2712,low-sodium low-fat chicken broth,50
2713,scotch whisky,50
2714,sugar-free strawberry gelatin,50
2715,frying chickens,50


In [72]:
import re
from tqdm import tqdm
import numpy as np

def preprocess(text):
    text = text.lower()
    text = re.sub(r'[^\w\s]', '', text)
    tokens = text.split()
    return tokens

def jaccard_similarity(a, b):
    a, b = set(a), set(b)
    intersection = a.intersection(b)
    union = a.union(b)
    return len(intersection) / len(union)

#Preprocess the ingredients and category descriptions
df['ingredient_tokens'] = df['ingredient'].apply(preprocess)
cats['Long_Desc_tokens'] = cats['Long_Desc'].apply(preprocess)

#Create a function to find the best matching category for each ingredient
def find_best_match(ingredient_tokens, threshold=0.0):
    best_score = threshold
    best_category = None

    #Group the categories by FdGrp_Desc
    grouped_cats = cats.groupby('FdGrp_Desc')

    for category, group in grouped_cats:
        #Compute average similarity for each category
        similarities = []
        for idx, row in group.iterrows():
            first_four_tokens = row['Long_Desc_tokens'][:4]
            similarity = jaccard_similarity(ingredient_tokens, first_four_tokens)
            similarities.append(similarity)
        avg_similarity = np.mean(similarities)

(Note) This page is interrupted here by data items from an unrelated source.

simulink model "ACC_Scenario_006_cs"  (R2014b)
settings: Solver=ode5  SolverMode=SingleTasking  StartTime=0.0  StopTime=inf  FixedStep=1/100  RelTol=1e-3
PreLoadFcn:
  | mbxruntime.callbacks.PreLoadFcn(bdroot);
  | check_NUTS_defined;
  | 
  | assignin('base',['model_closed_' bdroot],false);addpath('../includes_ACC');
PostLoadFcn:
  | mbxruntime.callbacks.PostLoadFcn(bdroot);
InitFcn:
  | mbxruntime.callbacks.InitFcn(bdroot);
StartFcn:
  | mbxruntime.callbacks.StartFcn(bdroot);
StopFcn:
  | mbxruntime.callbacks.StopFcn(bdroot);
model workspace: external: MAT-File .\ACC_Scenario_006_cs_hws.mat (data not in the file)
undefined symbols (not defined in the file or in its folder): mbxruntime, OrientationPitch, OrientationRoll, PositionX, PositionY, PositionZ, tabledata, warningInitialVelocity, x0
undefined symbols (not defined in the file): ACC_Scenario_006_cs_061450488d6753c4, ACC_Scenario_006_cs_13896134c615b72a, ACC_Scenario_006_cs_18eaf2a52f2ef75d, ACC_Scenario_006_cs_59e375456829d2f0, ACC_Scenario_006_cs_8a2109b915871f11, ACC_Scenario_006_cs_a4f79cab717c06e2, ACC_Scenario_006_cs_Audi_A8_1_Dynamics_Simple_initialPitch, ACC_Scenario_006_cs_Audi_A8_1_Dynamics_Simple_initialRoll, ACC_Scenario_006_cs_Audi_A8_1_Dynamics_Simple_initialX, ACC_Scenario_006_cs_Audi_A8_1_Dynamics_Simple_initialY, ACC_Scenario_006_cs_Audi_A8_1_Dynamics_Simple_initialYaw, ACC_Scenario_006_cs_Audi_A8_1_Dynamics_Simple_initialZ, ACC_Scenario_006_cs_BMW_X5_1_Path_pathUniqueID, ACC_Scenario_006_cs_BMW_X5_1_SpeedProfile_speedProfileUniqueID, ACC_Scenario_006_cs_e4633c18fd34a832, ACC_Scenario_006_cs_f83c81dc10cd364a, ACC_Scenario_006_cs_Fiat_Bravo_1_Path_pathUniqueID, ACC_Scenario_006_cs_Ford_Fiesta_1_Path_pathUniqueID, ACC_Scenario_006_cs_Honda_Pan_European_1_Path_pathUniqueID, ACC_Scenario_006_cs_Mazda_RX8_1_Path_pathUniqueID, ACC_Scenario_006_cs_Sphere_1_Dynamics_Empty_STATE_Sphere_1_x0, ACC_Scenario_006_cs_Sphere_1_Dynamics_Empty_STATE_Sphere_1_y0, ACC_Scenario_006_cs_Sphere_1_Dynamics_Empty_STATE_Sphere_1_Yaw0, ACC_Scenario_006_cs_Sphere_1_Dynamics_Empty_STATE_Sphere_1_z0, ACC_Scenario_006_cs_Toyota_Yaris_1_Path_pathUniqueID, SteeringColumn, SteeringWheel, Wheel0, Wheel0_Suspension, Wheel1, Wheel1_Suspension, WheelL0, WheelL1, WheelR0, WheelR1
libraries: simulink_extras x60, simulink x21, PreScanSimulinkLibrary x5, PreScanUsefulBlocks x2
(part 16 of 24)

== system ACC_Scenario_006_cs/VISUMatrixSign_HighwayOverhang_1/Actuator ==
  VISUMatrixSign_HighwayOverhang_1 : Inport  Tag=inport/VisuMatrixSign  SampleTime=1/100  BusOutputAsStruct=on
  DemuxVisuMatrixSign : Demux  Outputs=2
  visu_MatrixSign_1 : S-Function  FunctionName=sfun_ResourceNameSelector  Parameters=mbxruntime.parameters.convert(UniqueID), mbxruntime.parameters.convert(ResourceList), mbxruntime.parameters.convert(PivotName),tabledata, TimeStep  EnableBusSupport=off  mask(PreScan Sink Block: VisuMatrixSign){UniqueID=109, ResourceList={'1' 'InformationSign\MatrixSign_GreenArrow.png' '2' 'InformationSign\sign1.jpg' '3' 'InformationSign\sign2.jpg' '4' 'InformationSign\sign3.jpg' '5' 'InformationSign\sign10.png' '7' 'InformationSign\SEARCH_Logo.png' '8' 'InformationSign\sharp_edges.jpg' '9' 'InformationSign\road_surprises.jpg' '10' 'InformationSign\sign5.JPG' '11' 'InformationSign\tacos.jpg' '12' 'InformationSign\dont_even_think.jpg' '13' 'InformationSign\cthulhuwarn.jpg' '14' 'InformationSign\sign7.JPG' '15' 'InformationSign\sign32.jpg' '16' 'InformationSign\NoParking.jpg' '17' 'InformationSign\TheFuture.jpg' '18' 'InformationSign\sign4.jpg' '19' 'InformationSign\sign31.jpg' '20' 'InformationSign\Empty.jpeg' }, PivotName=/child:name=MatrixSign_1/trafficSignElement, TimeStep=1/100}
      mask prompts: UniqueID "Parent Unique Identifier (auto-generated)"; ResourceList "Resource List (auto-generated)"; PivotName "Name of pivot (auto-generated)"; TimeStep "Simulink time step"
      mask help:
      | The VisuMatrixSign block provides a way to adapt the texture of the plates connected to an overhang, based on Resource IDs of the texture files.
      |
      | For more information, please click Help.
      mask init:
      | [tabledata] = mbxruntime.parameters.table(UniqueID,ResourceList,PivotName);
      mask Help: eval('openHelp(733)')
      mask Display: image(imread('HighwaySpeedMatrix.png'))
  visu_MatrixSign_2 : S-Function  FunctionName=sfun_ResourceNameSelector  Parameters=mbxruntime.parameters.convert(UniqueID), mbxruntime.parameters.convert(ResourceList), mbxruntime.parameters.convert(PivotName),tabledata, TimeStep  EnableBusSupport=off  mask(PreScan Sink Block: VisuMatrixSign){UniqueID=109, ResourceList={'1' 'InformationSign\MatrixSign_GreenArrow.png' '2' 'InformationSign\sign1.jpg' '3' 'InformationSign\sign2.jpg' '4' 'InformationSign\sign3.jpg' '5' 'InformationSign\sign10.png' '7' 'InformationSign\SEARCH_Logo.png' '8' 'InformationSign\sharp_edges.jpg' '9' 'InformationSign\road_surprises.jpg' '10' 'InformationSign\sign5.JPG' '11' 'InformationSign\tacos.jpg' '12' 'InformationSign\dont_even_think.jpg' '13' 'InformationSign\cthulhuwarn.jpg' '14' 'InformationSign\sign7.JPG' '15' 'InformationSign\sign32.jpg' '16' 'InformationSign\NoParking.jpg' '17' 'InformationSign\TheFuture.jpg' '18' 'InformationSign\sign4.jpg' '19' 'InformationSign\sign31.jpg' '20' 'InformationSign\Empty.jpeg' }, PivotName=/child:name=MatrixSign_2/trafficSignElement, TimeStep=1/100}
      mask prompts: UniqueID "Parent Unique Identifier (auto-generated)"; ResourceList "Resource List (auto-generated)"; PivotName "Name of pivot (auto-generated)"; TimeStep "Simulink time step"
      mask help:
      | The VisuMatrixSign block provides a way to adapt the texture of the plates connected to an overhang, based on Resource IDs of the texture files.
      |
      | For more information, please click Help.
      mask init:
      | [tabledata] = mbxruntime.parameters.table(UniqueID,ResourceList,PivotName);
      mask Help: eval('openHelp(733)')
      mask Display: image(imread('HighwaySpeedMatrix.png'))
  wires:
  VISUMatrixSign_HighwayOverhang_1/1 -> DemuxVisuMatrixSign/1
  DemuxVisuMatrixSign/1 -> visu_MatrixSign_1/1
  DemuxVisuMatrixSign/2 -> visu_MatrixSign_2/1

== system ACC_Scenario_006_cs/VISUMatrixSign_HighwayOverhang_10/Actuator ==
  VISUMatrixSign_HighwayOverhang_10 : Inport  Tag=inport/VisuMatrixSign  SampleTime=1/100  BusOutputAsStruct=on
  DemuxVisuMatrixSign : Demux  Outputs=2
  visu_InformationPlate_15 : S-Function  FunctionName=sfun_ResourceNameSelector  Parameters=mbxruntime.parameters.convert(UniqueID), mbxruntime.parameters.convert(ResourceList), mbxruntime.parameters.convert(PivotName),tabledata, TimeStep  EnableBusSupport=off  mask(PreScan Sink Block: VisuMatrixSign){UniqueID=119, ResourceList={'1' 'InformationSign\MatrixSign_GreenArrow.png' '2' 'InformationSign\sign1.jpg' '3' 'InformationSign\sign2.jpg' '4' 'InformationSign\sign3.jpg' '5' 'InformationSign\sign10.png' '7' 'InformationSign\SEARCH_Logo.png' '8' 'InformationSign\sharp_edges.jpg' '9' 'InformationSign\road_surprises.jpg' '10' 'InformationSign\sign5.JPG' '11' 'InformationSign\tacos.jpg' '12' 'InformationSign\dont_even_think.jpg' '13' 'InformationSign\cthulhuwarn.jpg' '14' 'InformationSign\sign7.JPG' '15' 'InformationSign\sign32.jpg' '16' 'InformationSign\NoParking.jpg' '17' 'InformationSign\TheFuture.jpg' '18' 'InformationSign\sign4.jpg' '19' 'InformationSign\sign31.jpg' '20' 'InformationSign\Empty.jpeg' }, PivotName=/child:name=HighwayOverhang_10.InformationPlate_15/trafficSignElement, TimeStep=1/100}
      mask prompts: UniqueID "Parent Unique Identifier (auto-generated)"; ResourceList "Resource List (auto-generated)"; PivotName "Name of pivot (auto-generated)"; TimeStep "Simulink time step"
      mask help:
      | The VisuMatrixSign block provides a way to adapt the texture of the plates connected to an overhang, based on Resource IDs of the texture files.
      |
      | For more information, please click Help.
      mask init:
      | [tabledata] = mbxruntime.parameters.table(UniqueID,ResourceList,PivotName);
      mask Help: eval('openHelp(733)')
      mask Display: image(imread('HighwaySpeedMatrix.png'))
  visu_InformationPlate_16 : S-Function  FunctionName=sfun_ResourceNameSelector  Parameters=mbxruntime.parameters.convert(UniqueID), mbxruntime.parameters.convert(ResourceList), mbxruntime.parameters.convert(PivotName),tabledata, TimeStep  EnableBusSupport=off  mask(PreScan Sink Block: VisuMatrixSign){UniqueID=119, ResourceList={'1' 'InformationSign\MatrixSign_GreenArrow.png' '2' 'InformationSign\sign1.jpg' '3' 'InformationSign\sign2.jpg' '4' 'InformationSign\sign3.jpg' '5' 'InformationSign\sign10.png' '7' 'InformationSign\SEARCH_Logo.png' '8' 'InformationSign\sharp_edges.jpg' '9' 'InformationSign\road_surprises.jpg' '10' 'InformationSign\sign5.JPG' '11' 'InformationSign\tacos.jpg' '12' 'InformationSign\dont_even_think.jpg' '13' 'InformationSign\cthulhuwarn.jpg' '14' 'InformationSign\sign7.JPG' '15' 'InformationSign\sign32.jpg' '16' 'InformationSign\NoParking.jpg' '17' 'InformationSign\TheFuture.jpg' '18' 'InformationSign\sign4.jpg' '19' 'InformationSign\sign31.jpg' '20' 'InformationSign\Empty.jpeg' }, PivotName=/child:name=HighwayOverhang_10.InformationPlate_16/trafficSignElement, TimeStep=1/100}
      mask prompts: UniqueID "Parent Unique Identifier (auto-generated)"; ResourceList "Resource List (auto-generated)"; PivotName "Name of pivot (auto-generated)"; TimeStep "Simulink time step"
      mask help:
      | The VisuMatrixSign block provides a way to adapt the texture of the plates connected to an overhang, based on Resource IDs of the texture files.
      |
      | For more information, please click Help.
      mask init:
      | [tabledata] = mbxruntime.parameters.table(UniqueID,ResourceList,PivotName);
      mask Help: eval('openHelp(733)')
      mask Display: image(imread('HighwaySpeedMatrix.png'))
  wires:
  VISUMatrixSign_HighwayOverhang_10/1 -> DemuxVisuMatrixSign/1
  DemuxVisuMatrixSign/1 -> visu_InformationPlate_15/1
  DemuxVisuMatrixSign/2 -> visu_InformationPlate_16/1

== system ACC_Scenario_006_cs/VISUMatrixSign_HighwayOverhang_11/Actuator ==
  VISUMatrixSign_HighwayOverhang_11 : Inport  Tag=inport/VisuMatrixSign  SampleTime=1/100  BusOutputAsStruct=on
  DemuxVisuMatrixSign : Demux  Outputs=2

        if avg_similarity > best_score:
            best_score = avg_similarity
            best_category = category

    return best_category

#For progress
tqdm.pandas(desc="Finding best match")
df['category'] = df['ingredient_tokens'].progress_apply(find_best_match)

#Drop temp columns
df.drop(columns=['ingredient_tokens'], inplace=True)
cats.drop(columns=['Long_Desc_tokens'], inplace=True)


Finding best match: 100%|██████████| 50/50 [00:09<00:00,  5.39it/s]


results are quite poor. let's try to instead use another similarity measure

In [7]:
df

Unnamed: 0,ingredient,frequency
0,salt,85746
1,butter,54975
2,sugar,44535
3,onion,39065
4,water,34914
...,...,...
2712,low-sodium low-fat chicken broth,50
2713,scotch whisky,50
2714,sugar-free strawberry gelatin,50
2715,frying chickens,50


In [20]:
from sklearn.feature_extraction.text import TfidfVectorizer
from sklearn.metrics.pairwise import cosine_similarity

#Assuming the ingredients from OpenFoodFacts and USDA are in a pandas DataFrame
#df['ingredient'] contains ingredients from my dataset
#cats['Long_Desc'] contains ingredients from USDA
#cats['FdGrp_Desc'] contains the food group descriptions for USDA ingredients

#Use sklearn TFIDF
vectorizer = TfidfVectorizer(ngram_range=(1, 4))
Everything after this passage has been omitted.